** Supplied material follows **

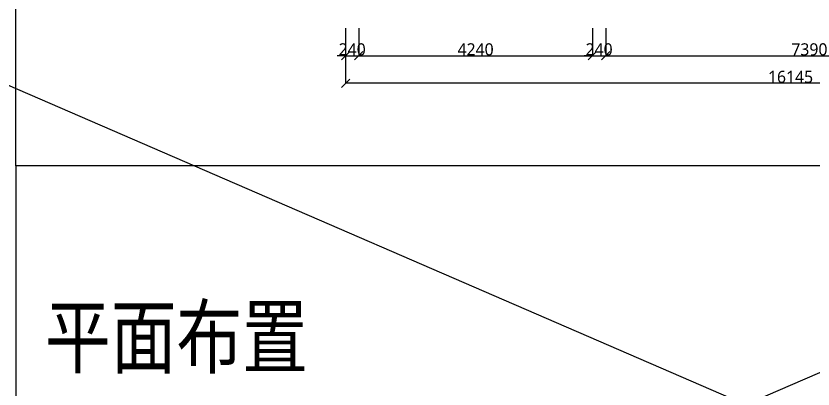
# Model space of a CAD drawing. Header units: millimetres. Extents: x -18923 to 87021, y -73077 to -1985.
# Drawn here: x 7563 to 22023, y -55599 to -48829 of the extents above; entities that cross this region are included whole.
import ezdxf

# ---------------------------------------------------------------- set-up
doc = ezdxf.new("R2010")
doc.units = ezdxf.units.MM
doc.header["$LTSCALE"] = 10
doc.layers.get('Defpoints').update_dxf_attribs({"color": 250})
for name, color, linetype in [('0文字-标注', 7, 'Continuous'), ('1', 7, 'Continuous'), ('1结构-楼梯-梯步', 49, 'Continuous')]:
    doc.layers.add(name, color=color, linetype=linetype)
doc.styles.add('5、6、7#楼参照$0$J-G5-03~34F房间名称$0$CTDI-ST', font='', dxfattribs={"width": 0.8})
doc.styles.add('dim_font', font='SIMPLEX.shx', dxfattribs={"width": 0.8})
doc.styles.add('图框－雅黑', font='')
doc.styles.get('5、6、7#楼参照$0$J-G5-03~34F房间名称$0$CTDI-ST').set_extended_font_data('SimSun')
doc.styles.get('图框－雅黑').set_extended_font_data('Microsoft YaHei')
doc.dimstyles.new('1-30', dxfattribs={"dimtxt": 150, "dimasz": 4, "dimexe": 1.5, "dimexo": 0, "dimgap": 0.6, "dimtad": 1, "dimdec": 0, "dimlfac": 30, "dimdsep": 46, "dimtxsty": 'dim_font', "dimblk": 'DOTSMALL', "dimcen": 4, "dimdle": 1.5, "dimclrd": 123, "dimclre": 123, "dimclrt": 256, "dimadec": 0, "dimazin": 0, "dimtfac": 1, "dimtdec": 0, "dimtix": 1, "dimtmove": 2, "dimatfit": 3, "dimldrblk": 'DOTSMALL', "dimfxl": 1.5, "dimarcsym": 0})

# ---------------------------------------------------------------- blocks, each defined once
blk = doc.blocks.new('_OBLIQUE')
at = {"color": 0, "linetype": 'ByBlock'}
blk.add_line((-0.5, -0.5), (0.5, 0.5), dxfattribs=at)
blk = doc.blocks.new('*D93')
at = {"layer": '0文字-标注', "color": 8, "lineweight": -2, "transparency": 16777216}
for p, q in [((13782, -49051), (13782, -49552)), ((18021, -49051), (18021, -49552)), ((13780, -49551), (18022, -49551))]:
    blk.add_line(p, q, dxfattribs=at)
at = {"layer": 'Defpoints', "color": 0, "transparency": 16777216}
for p in [(13782, -49051), (18021, -49051), (18021, -49551)]:
    blk.add_point(p, dxfattribs=at)
at = {"layer": '0文字-标注', "color": 8, "lineweight": -2, "transparency": 16777216, "xscale": 150, "yscale": 150, "zscale": 150, "rotation": 180}
blk.add_blockref('_OBLIQUE', (13782, -49551), dxfattribs=at)
at = {"layer": '0文字-标注', "color": 8, "lineweight": -2, "transparency": 16777216, "xscale": 150, "yscale": 150, "zscale": 150}
blk.add_blockref('_OBLIQUE', (18021, -49551), dxfattribs=at)
at = {"layer": '0文字-标注', "color": 255, "transparency": 16777216, "insert": (15901, -49437), "char_height": 220, "attachment_point": 5, "style": '图框－雅黑'}
blk.add_mtext('4240', dxfattribs=at)
blk = doc.blocks.new('_DotSmall')
at = {"color": 0, "linetype": 'ByBlock', "const_width": 0.5}
blk.add_lwpolyline([(-0.0625, 0, 1), (0.0625, 0, 1)], format="xyb", close=True, dxfattribs=at)
blk = doc.blocks.new('*D94')
at = {"layer": '0文字-标注', "color": 8, "lineweight": -2, "transparency": 16777216}
for p, q in [((18261, -49051), (18261, -49552)), ((25651, -49051), (25651, -49552)), ((18259, -49551), (25652, -49551))]:
    blk.add_line(p, q, dxfattribs=at)
at = {"layer": 'Defpoints', "color": 0, "transparency": 16777216}
for p in [(18261, -49051), (25651, -49051), (25651, -49551)]:
    blk.add_point(p, dxfattribs=at)
at = {"layer": '0文字-标注', "color": 8, "lineweight": -2, "transparency": 16777216, "xscale": 150, "yscale": 150, "zscale": 150, "rotation": 180}
blk.add_blockref('_OBLIQUE', (18261, -49551), dxfattribs=at)
at = {"layer": '0文字-标注', "color": 8, "lineweight": -2, "transparency": 16777216, "xscale": 150, "yscale": 150, "zscale": 150}
blk.add_blockref('_OBLIQUE', (25651, -49551), dxfattribs=at)
at = {"layer": '0文字-标注', "color": 255, "transparency": 16777216, "insert": (21956, -49437), "char_height": 220, "attachment_point": 5, "style": '图框－雅黑'}
blk.add_mtext('7390', dxfattribs=at)
blk = doc.blocks.new('*D96')
at = {"layer": '0文字-标注', "color": 8, "lineweight": -2, "transparency": 16777216}
for p, q in [((13542, -49051), (13542, -50052)), ((29686, -49051), (29686, -50052)), ((29687, -50051), (13540, -50051))]:
    blk.add_line(p, q, dxfattribs=at)
at = {"layer": 'Defpoints', "color": 0, "transparency": 16777216}
for p in [(13542, -49051), (29686, -49051), (13542, -50051)]:
    blk.add_point(p, dxfattribs=at)
at = {"layer": '0文字-标注', "color": 8, "lineweight": -2, "transparency": 16777216, "xscale": 150, "yscale": 150, "zscale": 150, "rotation": 180}
blk.add_blockref('_OBLIQUE', (13542, -50051), dxfattribs=at)
at = {"layer": '0文字-标注', "color": 8, "lineweight": -2, "transparency": 16777216, "xscale": 150, "yscale": 150, "zscale": 150}
blk.add_blockref('_OBLIQUE', (29686, -50051), dxfattribs=at)
at = {"layer": '0文字-标注', "color": 255, "transparency": 16777216, "insert": (21614, -49936), "char_height": 220, "attachment_point": 5, "style": '图框－雅黑'}
blk.add_mtext('16145', dxfattribs=at)
blk = doc.blocks.new('*D120')
at = {"layer": '0文字-标注', "color": 8, "lineweight": -2, "transparency": 16777216}
for p, q in [((13542, -49051), (13542, -49552)), ((13782, -49051), (13782, -49552)), ((13542, -49551), (13392, -49551)), ((13542, -49551), (13782, -49551)), ((13782, -49551), (13932, -49551))]:
    blk.add_line(p, q, dxfattribs=at)
at = {"layer": 'Defpoints', "color": 0, "transparency": 16777216}
for p in [(13542, -49051), (13782, -49051), (13782, -49551)]:
    blk.add_point(p, dxfattribs=at)
at = {"layer": '0文字-标注', "color": 8, "lineweight": -2, "transparency": 16777216, "xscale": 150, "yscale": 150, "zscale": 150}
blk.add_blockref('_OBLIQUE', (13542, -49551), dxfattribs=at)
at = {"layer": '0文字-标注', "color": 8, "lineweight": -2, "transparency": 16777216, "xscale": 150, "yscale": 150, "zscale": 150, "rotation": 180}
blk.add_blockref('_OBLIQUE', (13782, -49551), dxfattribs=at)
at = {"layer": '0文字-标注', "color": 255, "transparency": 16777216, "insert": (13662, -49437), "char_height": 220, "attachment_point": 5, "style": '图框－雅黑'}
blk.add_mtext('240', dxfattribs=at)
blk = doc.blocks.new('*D121')
at = {"layer": '0文字-标注', "color": 8, "lineweight": -2, "transparency": 16777216}
for p, q in [((18021, -49051), (18021, -49552)), ((18261, -49051), (18261, -49552)), ((18021, -49551), (17871, -49551)), ((18021, -49551), (18261, -49551)), ((18261, -49551), (18411, -49551))]:
    blk.add_line(p, q, dxfattribs=at)
at = {"layer": 'Defpoints', "color": 0, "transparency": 16777216}
for p in [(18021, -49051), (18261, -49051), (18261, -49551)]:
    blk.add_point(p, dxfattribs=at)
at = {"layer": '0文字-标注', "color": 8, "lineweight": -2, "transparency": 16777216, "xscale": 150, "yscale": 150, "zscale": 150}
blk.add_blockref('_OBLIQUE', (18021, -49551), dxfattribs=at)
at = {"layer": '0文字-标注', "color": 8, "lineweight": -2, "transparency": 16777216, "xscale": 150, "yscale": 150, "zscale": 150, "rotation": 180}
blk.add_blockref('_OBLIQUE', (18261, -49551), dxfattribs=at)
at = {"layer": '0文字-标注', "color": 255, "transparency": 16777216, "insert": (18141, -49437), "char_height": 220, "attachment_point": 5, "style": '图框－雅黑'}
blk.add_mtext('240', dxfattribs=at)

msp = doc.modelspace()

# ---------------------------------------------------------------- linework, layer by layer
at = {"layer": '1结构-楼梯-梯步'}
for p, q in [((60534.7, -38680.5), (-18923.3, -73076.9)), ((-18923.3, -38680.5), (60534.7, -73076.9))]:
    msp.add_line(p, q, dxfattribs=at)
at = {"layer": 'Defpoints', "color": 1}
for points in [[(7562.7, -38680.5), (34048.7, -38680.5), (34048.7, -51551.2), (7562.7, -51551.2)], [(34048.7, -51551.2), (7562.7, -51551.2), (7562.7, -55878.7), (34048.7, -55878.7)]]:
    msp.add_lwpolyline(points, close=True, dxfattribs=at)

# ---------------------------------------------------------------- texts
at = {"layer": '1', "style": '5、6、7#楼参照$0$J-G5-03~34F房间名称$0$CTDI-ST', "width": 0.8}
msp.add_text('平面布置', height=1092, dxfattribs=at).set_placement((8091.3, -55198.1))

# ---------------------------------------------------------------- dimensions: what is measured, and where the dimension line sits
at = {"layer": '0文字-标注'}
for base, p1, p2, picture, middle in [((13781.7, -49551.2), (13541.7, -49051.2), (13781.7, -49051.2), '*D120', (13661.7, -49436.9)), ((13541.7, -50051.2), (29685.7, -49051.2), (13541.7, -49051.2), '*D96', (21613.7, -49936.3)), ((18020.7, -49551.2), (13781.7, -49051.2), (18020.7, -49051.2), '*D93', (15901.2, -49436.9)), ((18260.7, -49551.2), (18020.7, -49051.2), (18260.7, -49051.2), '*D121', (18140.7, -49436.9)), ((25650.7, -49551.2), (18260.7, -49051.2), (25650.7, -49051.2), '*D94', (21955.7, -49436.9))]:
    dim = msp.add_linear_dim(base=base, p1=p1, p2=p2, dimstyle='1-30', override={"dimtxt": 220, "dimasz": 150, "dimexe": 1, "dimlfac": 1, "dimrnd": 5, "dimtxsty": '图框－雅黑', "dimblk1": 'OBLIQUE', "dimblk2": 'OBLIQUE', "dimsah": 1, "dimclrd": 8, "dimclre": 8, "dimclrt": 255}, dxfattribs=at)
    dim.commit()
    dim.dimension.update_dxf_attribs({"geometry": picture, "text_midpoint": middle})

doc.saveas('drawing.dxf')

** End of Supplied material **

▶ [Exercise requirements] What is needed is an exact retyping of the lines from the start of the data through the line with "import ezdxf", with both end lines kept and every picture left out.

▶ [Exercise output]
# Model space of a CAD drawing. Header units: millimetres. Extents: x -18923 to 87021, y -73077 to -1985.
# Drawn here: x 7563 to 22023, y -55599 to -48829 of the extents above; entities that cross this region are included whole.
import ezdxf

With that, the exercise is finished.